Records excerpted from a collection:
--

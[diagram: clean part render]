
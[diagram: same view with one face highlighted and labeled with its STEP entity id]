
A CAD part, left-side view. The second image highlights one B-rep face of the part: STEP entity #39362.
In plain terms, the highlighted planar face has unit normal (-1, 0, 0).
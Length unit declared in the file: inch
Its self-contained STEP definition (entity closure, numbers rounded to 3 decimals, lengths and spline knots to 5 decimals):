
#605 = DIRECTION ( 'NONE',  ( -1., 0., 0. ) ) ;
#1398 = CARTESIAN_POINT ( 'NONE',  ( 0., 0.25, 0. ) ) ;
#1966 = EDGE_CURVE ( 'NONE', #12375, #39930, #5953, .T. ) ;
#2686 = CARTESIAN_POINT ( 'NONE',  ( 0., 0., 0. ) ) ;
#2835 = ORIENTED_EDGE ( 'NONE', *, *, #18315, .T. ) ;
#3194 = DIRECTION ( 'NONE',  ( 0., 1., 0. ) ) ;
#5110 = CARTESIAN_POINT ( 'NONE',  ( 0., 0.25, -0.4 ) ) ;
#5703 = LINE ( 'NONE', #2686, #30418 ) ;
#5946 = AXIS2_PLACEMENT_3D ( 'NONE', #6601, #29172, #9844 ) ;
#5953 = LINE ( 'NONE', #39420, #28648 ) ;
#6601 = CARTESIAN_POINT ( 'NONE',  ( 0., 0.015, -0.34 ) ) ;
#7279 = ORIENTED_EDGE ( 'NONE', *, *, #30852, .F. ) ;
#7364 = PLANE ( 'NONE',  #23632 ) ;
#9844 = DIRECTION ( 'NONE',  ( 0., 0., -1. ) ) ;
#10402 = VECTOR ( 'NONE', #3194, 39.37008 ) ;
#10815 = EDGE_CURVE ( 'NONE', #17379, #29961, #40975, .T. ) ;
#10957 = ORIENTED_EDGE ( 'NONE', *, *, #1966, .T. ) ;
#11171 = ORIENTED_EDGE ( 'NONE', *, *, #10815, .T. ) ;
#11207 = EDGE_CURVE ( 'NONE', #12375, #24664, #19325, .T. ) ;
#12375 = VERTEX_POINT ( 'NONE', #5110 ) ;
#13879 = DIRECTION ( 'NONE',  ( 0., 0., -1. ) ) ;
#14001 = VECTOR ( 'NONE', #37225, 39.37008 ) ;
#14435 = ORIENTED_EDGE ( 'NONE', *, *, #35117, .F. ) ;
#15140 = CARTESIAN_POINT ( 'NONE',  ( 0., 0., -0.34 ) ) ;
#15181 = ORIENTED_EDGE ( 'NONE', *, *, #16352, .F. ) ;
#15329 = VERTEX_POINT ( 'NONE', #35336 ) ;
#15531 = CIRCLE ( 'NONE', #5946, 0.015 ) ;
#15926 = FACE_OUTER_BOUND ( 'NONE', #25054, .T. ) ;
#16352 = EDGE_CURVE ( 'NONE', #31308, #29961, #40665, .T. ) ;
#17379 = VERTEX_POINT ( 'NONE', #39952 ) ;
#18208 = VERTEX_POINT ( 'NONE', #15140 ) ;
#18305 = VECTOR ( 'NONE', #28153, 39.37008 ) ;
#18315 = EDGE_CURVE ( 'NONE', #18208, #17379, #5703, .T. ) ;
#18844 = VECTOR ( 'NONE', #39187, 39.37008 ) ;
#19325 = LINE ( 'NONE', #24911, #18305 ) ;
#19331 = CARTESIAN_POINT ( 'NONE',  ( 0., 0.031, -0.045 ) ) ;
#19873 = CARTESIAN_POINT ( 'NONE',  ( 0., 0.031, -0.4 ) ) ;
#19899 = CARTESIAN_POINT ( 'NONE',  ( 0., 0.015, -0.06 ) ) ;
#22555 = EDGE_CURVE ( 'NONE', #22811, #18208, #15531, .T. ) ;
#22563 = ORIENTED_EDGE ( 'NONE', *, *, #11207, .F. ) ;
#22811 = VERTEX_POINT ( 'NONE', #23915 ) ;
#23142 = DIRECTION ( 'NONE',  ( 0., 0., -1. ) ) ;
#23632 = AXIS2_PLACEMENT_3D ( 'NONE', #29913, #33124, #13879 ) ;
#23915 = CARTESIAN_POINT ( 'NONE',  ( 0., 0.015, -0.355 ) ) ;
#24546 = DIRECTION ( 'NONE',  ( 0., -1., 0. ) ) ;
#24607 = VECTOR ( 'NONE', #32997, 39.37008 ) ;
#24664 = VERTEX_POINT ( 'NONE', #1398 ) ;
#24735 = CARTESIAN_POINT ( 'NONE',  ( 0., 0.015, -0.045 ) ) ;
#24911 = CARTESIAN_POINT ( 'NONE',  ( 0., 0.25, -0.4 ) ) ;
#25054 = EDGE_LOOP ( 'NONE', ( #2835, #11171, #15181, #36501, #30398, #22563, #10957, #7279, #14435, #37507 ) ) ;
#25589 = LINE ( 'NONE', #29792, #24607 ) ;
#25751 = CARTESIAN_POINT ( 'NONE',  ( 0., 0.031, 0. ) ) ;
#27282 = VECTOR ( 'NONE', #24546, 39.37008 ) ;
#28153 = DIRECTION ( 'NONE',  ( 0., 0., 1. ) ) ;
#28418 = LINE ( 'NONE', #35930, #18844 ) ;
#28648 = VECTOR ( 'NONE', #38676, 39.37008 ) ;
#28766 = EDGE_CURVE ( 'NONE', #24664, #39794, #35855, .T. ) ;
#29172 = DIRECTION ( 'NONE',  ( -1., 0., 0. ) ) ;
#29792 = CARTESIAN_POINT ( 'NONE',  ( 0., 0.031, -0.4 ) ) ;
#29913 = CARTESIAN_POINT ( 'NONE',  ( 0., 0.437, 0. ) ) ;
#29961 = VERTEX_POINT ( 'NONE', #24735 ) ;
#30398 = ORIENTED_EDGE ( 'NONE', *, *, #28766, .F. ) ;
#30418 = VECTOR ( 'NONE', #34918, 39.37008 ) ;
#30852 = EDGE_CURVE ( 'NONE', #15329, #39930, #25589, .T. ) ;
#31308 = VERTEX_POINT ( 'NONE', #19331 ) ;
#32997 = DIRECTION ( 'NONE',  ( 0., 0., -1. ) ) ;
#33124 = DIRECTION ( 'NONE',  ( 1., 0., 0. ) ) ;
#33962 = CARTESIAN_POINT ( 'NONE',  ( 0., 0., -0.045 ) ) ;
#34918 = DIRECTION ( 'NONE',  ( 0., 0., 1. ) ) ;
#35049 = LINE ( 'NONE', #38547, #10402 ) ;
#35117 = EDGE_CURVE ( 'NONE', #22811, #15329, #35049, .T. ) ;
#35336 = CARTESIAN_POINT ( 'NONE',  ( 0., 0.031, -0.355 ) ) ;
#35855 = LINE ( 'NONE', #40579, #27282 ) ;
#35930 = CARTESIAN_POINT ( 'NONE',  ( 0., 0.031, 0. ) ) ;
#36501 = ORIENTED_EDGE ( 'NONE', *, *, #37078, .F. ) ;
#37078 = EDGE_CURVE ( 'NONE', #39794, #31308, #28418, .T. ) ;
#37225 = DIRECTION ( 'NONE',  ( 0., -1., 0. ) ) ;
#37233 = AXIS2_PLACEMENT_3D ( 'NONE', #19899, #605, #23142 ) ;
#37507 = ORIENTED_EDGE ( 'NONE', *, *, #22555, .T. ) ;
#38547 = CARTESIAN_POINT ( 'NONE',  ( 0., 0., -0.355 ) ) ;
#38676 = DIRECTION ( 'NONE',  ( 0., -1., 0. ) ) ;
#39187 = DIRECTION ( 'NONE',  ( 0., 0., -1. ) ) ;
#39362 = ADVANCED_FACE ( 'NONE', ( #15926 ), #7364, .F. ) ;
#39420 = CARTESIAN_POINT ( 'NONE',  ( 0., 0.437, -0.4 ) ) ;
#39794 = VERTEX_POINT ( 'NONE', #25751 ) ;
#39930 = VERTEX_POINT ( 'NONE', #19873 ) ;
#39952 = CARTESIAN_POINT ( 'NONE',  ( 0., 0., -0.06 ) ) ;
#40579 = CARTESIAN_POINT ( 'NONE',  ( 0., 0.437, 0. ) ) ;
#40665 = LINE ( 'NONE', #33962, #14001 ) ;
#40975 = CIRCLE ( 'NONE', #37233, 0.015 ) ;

--

What is expected.
Would you print exactly, and only, the lines of the data above from the line with "#3194 = DIRECTION" through the line with "#24911 = CARTESIAN_POINT", inclusive?

Solution for this exercise.
#3194 = DIRECTION ( 'NONE',  ( 0., 1., 0. ) ) ;
#5110 = CARTESIAN_POINT ( 'NONE',  ( 0., 0.25, -0.4 ) ) ;
#5703 = LINE ( 'NONE', #2686, #30418 ) ;
#5946 = AXIS2_PLACEMENT_3D ( 'NONE', #6601, #29172, #9844 ) ;
#5953 = LINE ( 'NONE', #39420, #28648 ) ;
#6601 = CARTESIAN_POINT ( 'NONE',  ( 0., 0.015, -0.34 ) ) ;
#7279 = ORIENTED_EDGE ( 'NONE', *, *, #30852, .F. ) ;
#7364 = PLANE ( 'NONE',  #23632 ) ;
#9844 = DIRECTION ( 'NONE',  ( 0., 0., -1. ) ) ;
#10402 = VECTOR ( 'NONE', #3194, 39.37008 ) ;
#10815 = EDGE_CURVE ( 'NONE', #17379, #29961, #40975, .T. ) ;
#10957 = ORIENTED_EDGE ( 'NONE', *, *, #1966, .T. ) ;
#11171 = ORIENTED_EDGE ( 'NONE', *, *, #10815, .T. ) ;
#11207 = EDGE_CURVE ( 'NONE', #12375, #24664, #19325, .T. ) ;
#12375 = VERTEX_POINT ( 'NONE', #5110 ) ;
#13879 = DIRECTION ( 'NONE',  ( 0., 0., -1. ) ) ;
#14001 = VECTOR ( 'NONE', #37225, 39.37008 ) ;
#14435 = ORIENTED_EDGE ( 'NONE', *, *, #35117, .F. ) ;
#15140 = CARTESIAN_POINT ( 'NONE',  ( 0., 0., -0.34 ) ) ;
#15181 = ORIENTED_EDGE ( 'NONE', *, *, #16352, .F. ) ;
#15329 = VERTEX_POINT ( 'NONE', #35336 ) ;
#15531 = CIRCLE ( 'NONE', #5946, 0.015 ) ;
#15926 = FACE_OUTER_BOUND ( 'NONE', #25054, .T. ) ;
#16352 = EDGE_CURVE ( 'NONE', #31308, #29961, #40665, .T. ) ;
#17379 = VERTEX_POINT ( 'NONE', #39952 ) ;
#18208 = VERTEX_POINT ( 'NONE', #15140 ) ;
#18305 = VECTOR ( 'NONE', #28153, 39.37008 ) ;
#18315 = EDGE_CURVE ( 'NONE', #18208, #17379, #5703, .T. ) ;
#18844 = VECTOR ( 'NONE', #39187, 39.37008 ) ;
#19325 = LINE ( 'NONE', #24911, #18305 ) ;
#19331 = CARTESIAN_POINT ( 'NONE',  ( 0., 0.031, -0.045 ) ) ;
#19873 = CARTESIAN_POINT ( 'NONE',  ( 0., 0.031, -0.4 ) ) ;
#19899 = CARTESIAN_POINT ( 'NONE',  ( 0., 0.015, -0.06 ) ) ;
#22555 = EDGE_CURVE ( 'NONE', #22811, #18208, #15531, .T. ) ;
#22563 = ORIENTED_EDGE ( 'NONE', *, *, #11207, .F. ) ;
#22811 = VERTEX_POINT ( 'NONE', #23915 ) ;
#23142 = DIRECTION ( 'NONE',  ( 0., 0., -1. ) ) ;
#23632 = AXIS2_PLACEMENT_3D ( 'NONE', #29913, #33124, #13879 ) ;
#23915 = CARTESIAN_POINT ( 'NONE',  ( 0., 0.015, -0.355 ) ) ;
#24546 = DIRECTION ( 'NONE',  ( 0., -1., 0. ) ) ;
#24607 = VECTOR ( 'NONE', #32997, 39.37008 ) ;
#24664 = VERTEX_POINT ( 'NONE', #1398 ) ;
#24735 = CARTESIAN_POINT ( 'NONE',  ( 0., 0.015, -0.045 ) ) ;
#24911 = CARTESIAN_POINT ( 'NONE',  ( 0., 0.25, -0.4 ) ) ;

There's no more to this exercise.